Danny Dunn on the Ocean Floor
- First edition
- Author: Raymond Abrashkin Jay Williams
- Illustrator: Brinton Turkel
- Language: English
- Series: Danny Dunn
- Genre: Science fiction
- Published: 1960
- Pages: 156
- OCLC: 2662586
- Preceded by: Danny Dunn and the Weather Machine
- Followed by: Danny Dunn and the Fossil Cave

= Danny Dunn on the Ocean Floor =

1960 novel by Raymond Abrashkin

Danny Dunn on the Ocean Floor is the fifth novel in the Danny Dunn series of juvenile science fiction/adventure books written by Raymond Abrashkin and Jay Williams. The book was first published in 1960.

==Plot==
Another accident in Professor Bulfinch's laboratory, instigated by Danny, results in the creation of a transparent, resilient material. The material proves useful in creating a bathysphere, and Professor Bulfinch, along with his friend Dr. Grimes, Danny, Joe, and Irene, descend into the Pacific Ocean on an experimental voyage.
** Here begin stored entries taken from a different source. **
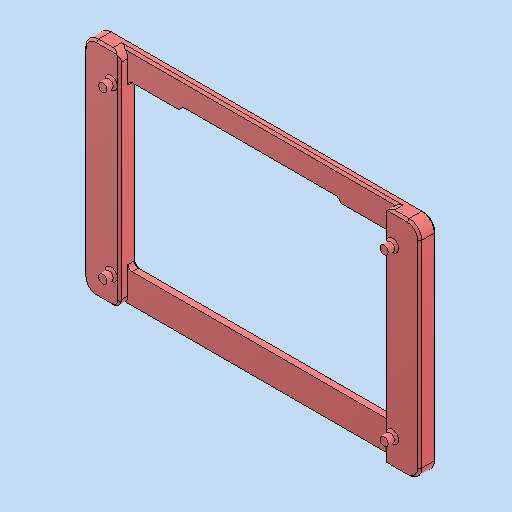
# Autodesk Inventor part: screen-frame
Saved by Autodesk Inventor 2026 (Build 300175050, 175E)
## iProperties
Created: 2025-06-21
Part Number: screen-frame
Material: ABS Plastic
Document SubType Name: Modeling
Designer: queezz
Density: 1.06 g/cm^3
Appearance: Smooth - Red
Author: queezz
Autodesk Inventor part; units mm, degrees
ref_plane "YZ Plane" through (0, 0, 0) normal (1, 0, 0) x (0, 1, 0)
ref_plane "XZ Plane" through (0, 0, 0) normal (0, 1, 0) x (-1, 0, 0)
ref_plane "XY Plane" through (0, 0, 0) normal (0, 0, 1) x (1, 0, 0)
sketch "Sketch1" plane through (0, 0, 0) normal (0, 0, 1) x (1, 0, 0)
  line L0 (-40, 26.5) -> (40, 26.5)
  line L1 (40, 26.5) -> (40, -26.5)
  line L2 (40, -26.5) -> (-40, -26.5)
  line L3 (-40, -26.5) -> (-40, 26.5)
  line L4 (31.5, 20) -> (-31.5, 20)
  line L5 (-31.5, 20) -> (-31.5, -19)
  line L6 (-31.5, -19) -> (31.5, -19)
  line L7 (31.5, -19) -> (31.5, 20)
  line L8 (-19, 20) -> (19, 20)
  line L9 (19, 20) -> (19, 21)
  line L10 (19, 21) -> (-19, 21)
  line L11 (-19, 21) -> (-19, 20)
  line L12 (-33.5, 19.5) -> (33.5, 19.5) construction
  line L13 (33.5, 19.5) -> (33.5, -20) construction
  line L14 (33.5, -20) -> (-33.5, -20) construction
  line L15 (-33.5, -20) -> (-33.5, 19.5) construction
  line L16 (-31.5, 20) -> (-31.5, 26.5)
  line L17 (-31.5, -19) -> (-31.5, -26.5)
  line L18 (31.5, -19) -> (31.5, -26.5)
  line L19 (31.5, 20) -> (31.5, 26.5)
  point P0 (0, 0)
  point P1 (40, 0)
  point P2 (0, 26.5)
  point P3 (31.5, 0.5)
  point P4 (0, 20)
  point P5 (0, -20)
  dimension "d0" = 53
  dimension "d1" = 80
  dimension "d30" = 63
  dimension "d32" = 38
  dimension "d33" = 1
  dimension "d34" = 67
  dimension "d35" = 39.5
  dimension "d46" = 19.5
  dimension "d52" = 20
  dimension "d53" = 19
  constraints: 40 end point, 8 parallel, 8 point on line, 6 midpoint, 5 perpendicular, 4 coincident, 4 horizontal, 3 vertical alignment, 1 horizontal alignment
  measures "d0" distance of L0.end L1.end
  measures "d1" distance of L0.start L0.end
  measures "d30" distance of L5.end L6.end
  measures "d32" distance of L9.end L10.end
  measures "d33" distance of L8.end L9.end
  measures "d34" distance of L13.end L14.end
  measures "d35" distance of L14.end L12.start
  measures "d46" distance from line of point (0, 0) L12
  measures "d52" distance from line of point (0, 0) L4
  measures "d53" distance from line of L6 point (0, 0)
extrude "Extrusion1" add sketch "Sketch1" against normal blind 2 contours L0 L16 L5 L17 L2 L3 | L0 L19 L4 L9 L10 L11 L16 | L0 L1 L2 L18 L7 L19 | L17 L6 L18 L2
extrude "Extrusion5" add sketch "Sketch1" along normal blind 2 contours L0 L16 L5 L17 L2 L3 | L0 L1 L2 L18 L7 L19
sketch "Sketch6" plane through (0, 0, 2) normal (0, 0, 1) x (1, 0, 0)
  circle A0 centre (-33.5, 19.5) radius 1
  circle A1 centre (33.5, 19.5) radius 1
  circle A2 centre (33.5, -20) radius 1
  circle A3 centre (-33.5, -20) radius 1
  point P0 (0, 0)
  dimension "d40" = 2
  constraints: 4 centre point, 4 coincident, 3 equal radius
  measures "d40" diameter of A0
extrude "Extrusion6" add sketch "Sketch6" along normal blind 2
fillet "Fillet3" radius 1 8 edges at (19, 20, -1) (19, 21, -1) (-19, 20, -1) (-19, 21, -1) (-31.5, 20, -1) (31.5, 20, -1) (31.5, -19, -1) (-31.5, -19, -1)
fillet "Fillet4" radius 3 4 edges at (40, -26.5, 0) (-40, -26.5, 0) (-40, 26.5, 0) (40, 26.5, 0)
chamfer "Chamfer2" distance 0.5 angle 45 40 edges at (-31.5, 0, 2) (-34.5, 19.5, 2) (-34.5, -20, 2) (31.5, 0, 2) (32.5, 19.5, 2) (32.5, -20, 2) (34.25, -26.5, 2) (39.1213, -25.6213, 2) (40, 0, 2) (39.1213, 25.6213, 2) (34.25, 26.5, 2) (-39.1213, -25.6213, 2) (-40, 0, 2) (-39.1213, 25.6213, 2) (-34.25, 26.5, 2) (-34.25, -26.5, 2) (0, -26.5, -2) (-39.1213, -25.6213, -2) (-40, 0, -2) (-39.1213, 25.6213, -2) (0, 26.5, -2) (39.1213, 25.6213, -2) (40, 0, -2) (39.1213, -25.6213, -2) (0, 21, -2) (-18.5001, 20.866, -2) (-19.2321, 20.134, -2) (-25.1161, 20, -2) (-31.2071, 19.7071, -2) (-31.5, 0.5, -2) (-31.2071, -18.7071, -2) (0, -19, -2) (31.2071, -18.7071, -2) (31.5, 0.5, -2) (31.2071, 19.7071, -2) (25.1161, 20, -2) (19.2321, 20.134, -2) (18.5001, 20.866, -2) (0, 26.5, 0) (0, -26.5, 0)
fillet "Fillet5" radius 2 9 edges at (-31.5, 26.5, 0.75) (-31.5, 26.5, -0.25) (31.5, 26.5, 0.75) (31.5, 26.5, -0.25) (31.5, -26.5, 0.75) (31.5, -26.5, -0.25) (-31.75, -26.25, 1.7501) (-31.5, -26.5, 0.75) (-31.5, -26.5, -0.25)
equation "\"d40\" = peg"
equation "\"shift\" = 0.5"
equation "\"peg\" = 2"
body "Solid1"
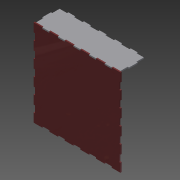
# Autodesk Inventor part: wordClock
Saved by Autodesk Inventor 2015 (Build 190159000, 159)
## iProperties
Created: 2015-02-10
Part Number: wordClock
Material: Generic
Document SubType Name: Modeling
Designer: Iain
Density: 1 g/cm^3
Appearance: Default
Author: Iain
Autodesk Inventor part; units mm, degrees
ref_plane "YZ Plane" through (0, 0, 0) normal (1, 0, 0) x (0, 1, 0)
ref_plane "XZ Plane" through (0, 0, 0) normal (0, 1, 0) x (-1, 0, 0)
ref_plane "XY Plane" through (0, 0, 0) normal (0, 0, 1) x (1, 0, 0)
sketch "Sketch1" plane through (0, 0, 0) normal (0, 0, 1) x (1, 0, 0)
  line L0 (-97, 97) -> (97, 97)
  line L1 (97, 97) -> (97, -97)
  line L2 (97, -97) -> (-97, -97)
  line L3 (-97, -97) -> (-97, 97)
  point P0 (0, 0)
  point P1 (0, 97)
  point P2 (-97, 0)
  dimension "FrontFaceWidth" = 194
  dimension "FrontFaceHeight" = 194
  constraints: 8 end point, 2 midpoint, 2 parallel, 1 horizontal, 1 horizontal alignment, 1 perpendicular, 1 vertical alignment
  measures "FrontFaceWidth" distance of L0.start L0.end
  measures "FrontFaceHeight" distance of L2.end L0.start
extrude "FrontFaceBase" add sketch "Sketch1" along normal mid plane 3
sketch "Sketch4" plane through (0, 0, 1.5) normal (0, 0, 1) x (1, 0, 0)
  line L0 (-100, 100) -> (-80, 100)
  line L1 (-80, 100) -> (-80, 97)
  line L2 (-80, 97) -> (-100, 97)
  line L3 (-100, 97) -> (-100, 100)
  point P0 (-97, 97)
  point P1 (0, 0)
  point P2 (-90, 97)
  dimension "d6" = 3
  dimension "FrontFaceTabWidth" = 20
  dimension "d8" = 3
  constraints: 8 end point, 2 parallel, 1 horizontal, 1 horizontal alignment, 1 midpoint, 1 perpendicular
  measures "d6" distance of point (-97, 97) L2.end
  measures "FrontFaceTabWidth" distance of L0.end L0.start
  measures "d8" distance of L1.end L0.end
extrude "Extrusion2" add sketch "Sketch4" against normal blind 3
pattern_linear "FrontTopTabs" count 6 spacing 36 along (1, 0, 0) of "Extrusion2"
sketch "Sketch5" plane through (0, 0, 1.5) normal (0, 0, 1) x (1, 0, 0)
  line L0 (-100, -100) -> (-97, -100)
  line L1 (-97, -100) -> (-97, -80)
  line L2 (-97, -80) -> (-100, -80)
  line L3 (-100, -80) -> (-100, -100)
  point P0 (-97, -97)
  point P1 (0, 0)
  point P2 (-97, -90)
  dimension "d14" = 3
  dimension "d15" = 3
  dimension "d16" = 20
  constraints: 8 end point, 2 parallel, 1 horizontal, 1 midpoint, 1 perpendicular, 1 vertical alignment
  measures "d14" distance of point (-97, -97) L0.end
  measures "d15" distance of L0.start L0.end
  measures "d16" distance of L2.end L0.start
extrude "Extrusion3" add sketch "Sketch5" against normal blind 3
pattern_linear "FontLeftTabs" count 6 spacing 36 along (0, 1, 0) of "Extrusion3"
mirror "FrontBottomTabs" about plane through (0, 0, 0) normal (0, 1, 0) of "Extrusion2", "FrontTopTabs"
mirror "FontRightTabs" about plane through (0, 0, 0) normal (1, 0, 0) of "Extrusion3", "FontLeftTabs"
sketch "Sketch6" plane through (-8, 97, -1.5) normal (0, 1, 0) x (1, 0, 0)
  line L0 (-92, -3) -> (108, -3)
  line L1 (108, -3) -> (108, 57)
  line L2 (108, 57) -> (-92, 57)
  line L3 (-92, 57) -> (-92, -3)
  point P0 (108, 27)
  dimension "TopFaceDepth" = 60
  constraints: 8 end point, 2 parallel, 1 coincident, 1 horizontal, 1 midpoint, 1 perpendicular, 1 vertical alignment
  measures "TopFaceDepth" distance of point (-92, -3) L2.end
extrude "TopFaceBase" add sketch "Sketch6" along normal blind 3 separate body
sketch "Sketch7" plane through (-8, 100, -1.5) normal (0, 1, 0) x (1, 0, 0)
  line L0 (-92, -3) -> (108, -3) projected
  line L1 (-92, 57) -> (-92, -3) projected
  line L2 (-92, -3) -> (-72, -3)
  line L3 (-72, -3) -> (-72, 0)
  line L4 (-72, 0) -> (-92, 0)
  line L5 (-92, 0) -> (-92, -3)
  point P0 (8, -1.5)
  point P1 (-92, 27)
  point P2 (8, -3)
  dimension "d25" = 20
  dimension "TopFaceFrontSlotDepth" = 3
  constraints: 8 end point, 2 midpoint, 2 parallel, 1 horizontal, 1 horizontal alignment, 1 perpendicular, 1 vertical alignment
  measures "d25" distance of L3.end L4.end
  measures "TopFaceFrontSlotDepth" distance of L2.start L4.end
extrude "Extrusion5" cut sketch "Sketch7" against normal blind 3 bodies 2
sketch "Sketch8" plane through (-8, 100, -1.5) normal (0, 1, 0) x (1, 0, 0)
  line L0 (108, -3) -> (105, -3)
  line L1 (105, -3) -> (105, 17)
  line L2 (105, 17) -> (108, 17)
  line L3 (108, 17) -> (108, -3)
  point P0 (8, -1.5)
  dimension "TopSideSlotWidth" = 20
  dimension "d33" = 3
  constraints: 8 end point, 2 parallel, 1 horizontal, 1 perpendicular
  measures "TopSideSlotWidth" distance of L0.end L1.end
  measures "d33" distance of L0.start L0.end
extrude "Extrusion6" cut sketch "Sketch8" against normal blind 3 bodies 2
pattern_linear "TopFrontSlots" count 6 spacing 36 along (1, 0, 0) of "Extrusion5", "Extrusion2" bodies 2
pattern_linear "TopSideRightSlots" count 2 spacing 40 along (0, 0, -1) of "Extrusion6" bodies 2
ref_plane "Work Plane1" through (-44, 100, -28.5) normal (0, 0, 1) x (1, 0, 0)
mirror "TopBackSlots" about plane through (-44, 100, -28.5) normal (0, 0, 1) of "Extrusion5", "Extrusion2", "TopFrontSlots" bodies 2
ref_plane "Work Plane2" through (0, 97, -18.5) normal (1, 0, 0) x (0, 0, -1)
mirror "TopSideLeftSlots" about plane through (0, 97, -18.5) normal (1, 0, 0) of "Extrusion6", "TopSideRightSlots" bodies 2
equation "\"FrontFaceWidth\" = ClockWidth - 2 * FrontFaceTabDepth"
equation "\"FrontFaceHeight\" = ClockHeight - 2 * FrontFaceTabDepth"
equation "\"FrontFaceThickness\" = Ply3mm"
equation "\"d6\" = TabDepth"
equation "\"FrontFaceTabWidth\" = TabWidth"
equation "\"d8\" = FrontFaceTabDepth"
equation "\"d9\" = FrontFaceThickness"
equation "\"d14\" = FrontFaceTabDepth"
equation "\"d15\" = FrontFaceTabDepth"
equation "\"d16\" = FrontFaceTabWidth"
equation "\"d17\" = FrontFaceThickness"
equation "\"TopFaceDepth\" = ClockDepth"
equation "\"TopFaceThickness\" = Ply3mm"
equation "\"d25\" = FrontFaceTabWidth"
equation "\"TopFaceFrontSlotDepth\" = FrontFaceThickness"
equation "\"d27\" = TopFaceThickness"
equation "\"d33\" = TabDepth"
equation "\"d34\" = TopFaceThickness"
equation "\"d38\" = FrontFaceTopTabSpacing"
equation "\"FrontFaceTabDepth\" = TabDepth"
equation "\"ClockDepth\" = 60"
equation "\"Ply3mm\" = 3"
equation "\"TabDepth\" = Ply3mm"
equation "\"TabWidth\" = 20"
equation "\"ClockWidth\" = 200"
equation "\"ClockHeight\" = 200"
equation "\"FrontFaceTopTabSpacing\" = 36"
body "Solid2"
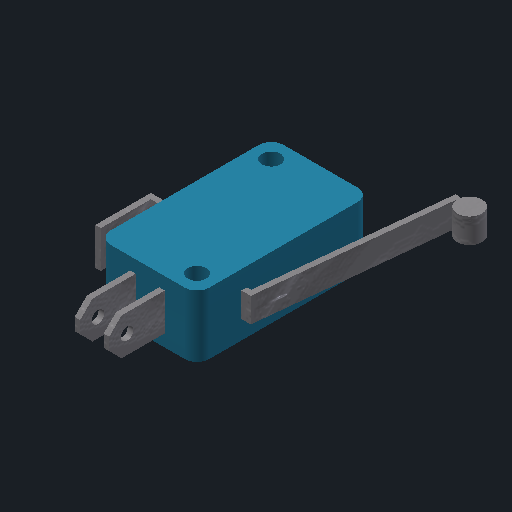
# Autodesk Inventor part: FIN_DE_CARRERA
Saved by Autodesk Inventor 2024.3 (Build 283343000, 343)
## iProperties
Created: 2024-07-19
Part Number: FIN_DE_CARRERA
Material: Steel, Mild, Welded
Document SubType Name: Modeling
Designer: Niler
Density: 7.85 g/cm^3
Appearance: Weld - Steel Mild
Author: Niler
Autodesk Inventor part; units mm, degrees
ref_plane "YZ Plane" through (0, 0, 0) normal (1, 0, 0) x (0, 1, 0)
ref_plane "XZ Plane" through (0, 0, 0) normal (0, 1, 0) x (-1, 0, 0)
ref_plane "XY Plane" through (0, 0, 0) normal (0, 0, 1) x (1, 0, 0)
sketch "Sketch1" plane through (0, 0, 0) normal (0, 1, 0) x (-1, 0, 0)
  line L0 (-8, 14) -> (8, 14)
  line L1 (8, 14) -> (8, -14)
  line L2 (8, -14) -> (-8, -14)
  line L3 (-8, -14) -> (-8, 14)
  line L4 (-8, 14) -> (8, -14) construction
  line L5 (8, 14) -> (-8, -14) construction
  point P0 (0, 0)
  dimension "d0" = 16
  dimension "d1" = 28
  constraints: 12 end point, 2 midpoint, 2 parallel, 1 horizontal, 1 perpendicular
  measures "d0" distance of L1.end L2.end
  measures "d1" distance of L0.end L1.end
extrude "Extrusion1" add sketch "Sketch1" along normal mid plane 10
fillet "Fillet1" radius 2 4 edges at (8, 0, 14) (8, 0, -14) (-8, 0, 14) (-8, 0, -14)
sketch "Sketch2" plane through (0, 5, 0) normal (0, 1, 0) x (1, 0, 0)
  arc A0 (-6, 14) -> (-8, 12) centre (-6, 12) ccw projected
  line L0 (-8, 12) -> (-8, -12) projected
  arc A1 (-8, -12) -> (-6, -14) centre (-6, -12) ccw projected
  line L1 (-6, -14) -> (6, -14) projected
  arc A2 (6, -14) -> (8, -12) centre (6, -12) ccw projected
  line L2 (8, -12) -> (8, 12) projected
  arc A3 (8, 12) -> (6, 14) centre (6, 12) ccw projected
  line L3 (6, 14) -> (-6, 14) projected
  circle A4 centre (-5, 11) radius 1.5
  circle A5 centre (5, -11) radius 1.5
  point P0 (0, 0)
  dimension "d5" = 3
  dimension "d6" = 3
  dimension "d7" = 3
  dimension "d8" = 3
  dimension "d9" = 3
  constraints: 2 centre point, 1 equal radius
  measures "d5" distance from line of L0 A4.centre
  measures "d6" distance from line of L3 A4.centre
  measures "d7" diameter of A4
  measures "d8" distance from line of L1 A5.centre
  measures "d9" distance from line of L2 A5.centre
extrude "Extrusion2" cut sketch "Sketch2" against normal blind 10 contours A4 | A5
sketch "Sketch3" plane through (-6, -5, 14) normal (0, 0, 1) x (1, 0, 0)
  line L0 (0, 0) -> (0, 10) projected
  line L1 (12, 0) -> (0, 0) projected
  line L2 (12, 10) -> (12, 0) projected
  line L3 (0, 10) -> (12, 10) projected
  line L4 (3.2, 10) -> (4.1, 10)
  line L5 (4.1, 10) -> (4.1, 0)
  line L6 (4.1, 0) -> (3.2, 0)
  line L7 (3.2, 0) -> (3.2, 10)
  line L8 (8.8, 10) -> (7.9, 10)
  line L9 (7.9, 10) -> (7.9, 0)
  line L10 (7.9, 0) -> (8.8, 0)
  line L11 (8.8, 0) -> (8.8, 10)
  line L12 (1, 2) -> (11, 2)
  line L13 (11, 2) -> (11, 8) construction
  line L14 (11, 8) -> (1, 8)
  line L15 (1, 8) -> (1, 2) construction
  point P0 (6, 5)
  point P1 (8.8, 8)
  point P2 (7.9, 8)
  point P3 (7.9, 2)
  point P4 (8.8, 2)
  point P5 (4.1, 8)
  point P6 (3.2, 8)
  point P7 (3.2, 2)
  point P8 (4.1, 2)
  point P9 (11, 5)
  point P10 (12, 5)
  dimension "d12" = 0.9
  dimension "d14" = 10
  dimension "d15" = 6
  constraints: 24 end point, 4 parallel, 2 horizontal, 2 midpoint, 2 perpendicular, 2 point on line, 1 horizontal alignment
  measures "d12" distance between parallel lines of L5 L7
  measures "d14" distance of L14.end L13.end
  measures "d15" distance of L13.end L12.end
extrude "Extrusion3" add sketch "Sketch3" along normal blind 9 contours L7 L14 L5 L12 | L9 L14 L11 L12
sketch "Sketch4" plane through (-2.8, -3, 14) normal (-1, 0, 0) x (0, 0, 1)
  line L0 (0, 0) -> (0, 6) projected
  line L1 (9, 6) -> (9, 0) projected
  circle A0 centre (6.0959, 3) radius 1
  line L2 (0, 0) -> (9, 0) projected
  line L3 (0, 6) -> (9, 6) projected
  point P0 (-14, 3)
  point P1 (9, 3)
  dimension "d18" = 2
  constraints: 1 centre point, 1 horizontal alignment, 1 midpoint
  measures "d18" diameter of A0
extrude "Extrusion4" cut sketch "Sketch4" against normal through all contours A0
chamfer "Chamfer1" distance 2 angle 45 4 edges at (-2.35, 3, 23) (2.35, 3, 23) (2.35, -3, 23) (-2.35, -3, 23)
sketch "Sketch5" plane through (0, 0, 0) normal (0, 1, 0) x (-1, 0, 0)
  circle A0 centre (-5, 11) radius 1.5 projected
  circle A1 centre (5, -11) radius 1.5 projected
  arc A2 (6, -14) -> (8, -12) centre (6, -12) ccw projected
  line L0 (8, -12) -> (8, 12) projected
  arc A3 (8, 12) -> (6, 14) centre (6, 12) ccw projected
  line L1 (6, 14) -> (-6, 14) projected
  arc A4 (-6, 14) -> (-8, 12) centre (-6, 12) ccw projected
  line L2 (-8, 12) -> (-8, -12) projected
  arc A5 (-8, -12) -> (-6, -14) centre (-6, -12) ccw projected
  line L3 (-6, -14) -> (6, -14) projected
  line L4 (-8, 6.8206) -> (-9.5, 6.8206)
  line L5 (-9.5, 6.8206) -> (-12.7296, -23.9071)
  line L6 (-11.8345, -24.0012) -> (-8.6896, 5.9206)
  line L7 (-8.6896, 5.9206) -> (-8, 5.9206)
  line L8 (-11.8345, -24.0012) -> (-12.7296, -23.9071)
  line L9 (-12.7296, -23.9071) -> (-14.7187, -23.6981)
  line L10 (-14.7187, -23.6981) -> (-14.6555, -23.0969)
  line L11 (-14.6555, -23.0969) -> (-12.6664, -23.306)
  circle A6 centre (-14.6871, -23.3975) radius 2
  line L12 (-8, 12) -> (-8, -12) projected
  point P0 (0, 0)
  point P1 (-12.6893, -23.3036)
  point P2 (-12.7525, -23.9047)
  dimension "d24" = 0.9
  dimension "d25" = 4
  dimension "d26" = 2
  dimension "d27" = 6
  dimension "d28" = 1.5
  constraints: 16 end point, 4 perpendicular, 4 point on line, 1 centre point, 1 midpoint, 1 other
  measures "d24" distance between parallel lines of L5 L6
  measures "d25" diameter of A6
  measures "d26" distance of L5.end L9.end
  measures "d27" angle of L2 L6
  measures "d28" distance of L4.start L4.end
extrude "Extrusion5" add sketch "Sketch5" along normal mid plane 4 contours L7 L6 L8 L5 L4 L2 | L5 A6 L11 | L9 A6 L5 | A6 L9 L10 L11 | L11 L10 L9 A6
sketch "Sketch6" plane through (0, 0, 0) normal (0, 1, 0) x (-1, 0, 0)
  line L0 (8, -12) -> (8, 12) projected
  line L1 (8, 1.4634) -> (12, 1.4634)
  line L2 (12, 1.4634) -> (12, 2.3634)
  line L3 (12, 2.3634) -> (8, 2.3634)
  line L4 (8, 2.3634) -> (8, 1.4634)
  line L5 (12, 2.3634) -> (11.1, 2.3634)
  line L6 (11.1, 2.3634) -> (11.1, 10.4634)
  line L7 (11.1, 10.4634) -> (12, 10.4634)
  line L8 (12, 10.4634) -> (12, 2.3634)
  point P0 (0, 0)
  dimension "d31" = 4
  dimension "d32" = 0.9
  dimension "d33" = 0.9
  dimension "d34" = 9
  constraints: 16 end point, 4 parallel, 2 horizontal, 2 perpendicular, 1 point on line
  measures "d31" distance of L1.start L1.end
  measures "d32" distance between parallel lines of L1 L3
  measures "d33" distance between parallel lines of L8 L6
  measures "d34" distance between parallel lines of L7 L1
extrude "Extrusion6" add sketch "Sketch6" along normal mid plane 6
body "Solid1"
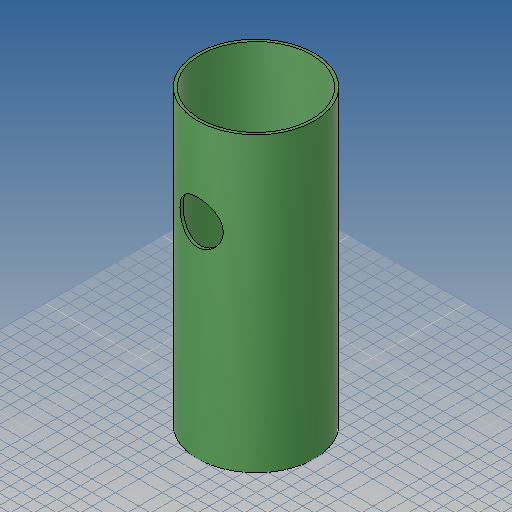
# Autodesk Inventor part: Zyklon_Basis
Saved by Autodesk Inventor 2019 (Build 230136000, 136)
## iProperties
Created: 2020-07-30
Part Number: Zyklon_Basis
Material: Generisch
Document SubType Name: Modeling
Designer: Stefan
Mass: 1480.24 g
Surface Area: 6113.48 cm^2
Volume: 1480.24 cm^3
Density: 1 g/cm^3
Appearance: Glatt - waldgrün
Author: Stefan
Autodesk Inventor part; units mm, degrees
ref_plane "YZ Plane" through (0, 0, 0) normal (1, 0, 0) x (0, 1, 0)
ref_plane "XZ Plane" through (0, 0, 0) normal (0, 1, 0) x (-1, 0, 0)
ref_plane "XY Plane" through (0, 0, 0) normal (0, 0, 1) x (1, 0, 0)
sketch "Skizze1" plane through (0, 0, 0) normal (0, 1, 0) x (-1, 0, 0)
  circle A0 centre (0, 0) radius 100
  circle A1 centre (0, 0) radius 95.1
  dimension "d0" = 200
  dimension "d1" = 4.9
  constraints: 2 centre point, 2 coincident
  measures "d0" diameter of A0
  measures "d1" radial gap between concentric circles of A0 A1
extrude "Extrusion1" add sketch "Skizze1" against normal blind 500
sketch "Skizze2" plane through (0, 0, 0) normal (0, 0, 1) x (1, 0, 0)
  line L0 (0, -224.4) -> (0, 37.4) projected
  circle A0 centre (0, -150) radius 37
  point P0 (0, 0)
  dimension "d4" = 74
  dimension "d6" = 150
  constraints: 1 centre point, 1 point on line
  measures "d4" diameter of A0
  measures "d6" distance of A0.centre point (0, 0)
extrude "Extrusion2" cut sketch "Skizze2" along normal through all
equation "\"d0\" = kg_diameter"
equation "\"d1\" = kg_thickness"
equation "\"kg_diameter\" = 200"
equation "\"kg_thickness\" = 4.9"
equation "\"ht_thickness\" = 1.9"
equation "\"case_thickness\" = 18"
equation "\"gap_slide\" = 0.2"
equation "\"gap_air\" = 1"
equation "\"bore_diameter\" = 73"
equation "\"gap_fit\" = 0.1"
equation "\"mdf_thickness\" = 6"
equation "\"tape_width\" = 15"
equation "\"tape_thickness\" = 3"
equation "\"inner_thickness\" = 15"
equation "\"inner_depth\" = 255"
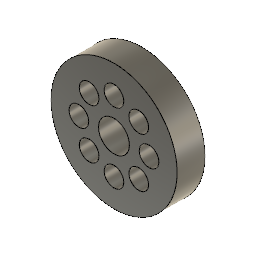
tut 1_P6 (Autodesk Fusion 360 design; units mm, degrees)
Autodesk Fusion 360 part; units mm, degrees
note: some values were not read from the file. Chosen so that the rebuilt part matches the saved one: which face or edge a step refers to.
sketch "Sketch1" plane through (0, 0, 0) normal (0, 1, 0) x (1, 0, 0)
  circle A0 centre (0, 0) radius 11
  circle A1 centre (0, 0) radius 45
  circle A2 centre (0, -25) radius 7
  dimension "d1" = 22
  dimension "d2" = 14
  measures "d1" diameter of A0
  measures "d2" diameter of A2
extrude "Extrude1" add sketch "Sketch1" along normal mid plane 20
pattern_circular "C-Pattern1" count 8 over 360 about axis through (0, 1.75, 0) along (0, 1, 0) of 2 faces at (6.9094, 6.6667, 26.1229) (6.9094, -6.6667, 26.1229)

Unfortunately, the bathysphere's pilot is rendered unconscious, and the bathysphere becomes trapped in a cave. On their journey, the submarine is examined by a giant squid and attacked by a large shark.

==Reception==
Floyd C. Gale of Galaxy Science Fiction rated the book 4.5 stars out of five for those aged eight to twelve.

== Editions ==
McGraw-Hill
- (Paperback, 1960, illustrated by Brinton Turkel)
- (Hardback, 1960, illustrated by Brinton Turkel)

MacDonald and Jane's
- Hardback, 1967, illustrated by Dick Hart)

Pocket Books/Archway Books
- (Paperback, 1979, #9 in their series, illustrated by Brinton Turkel)
- (Paperback, 1983 reissue, illustrated by Brinton Turkel)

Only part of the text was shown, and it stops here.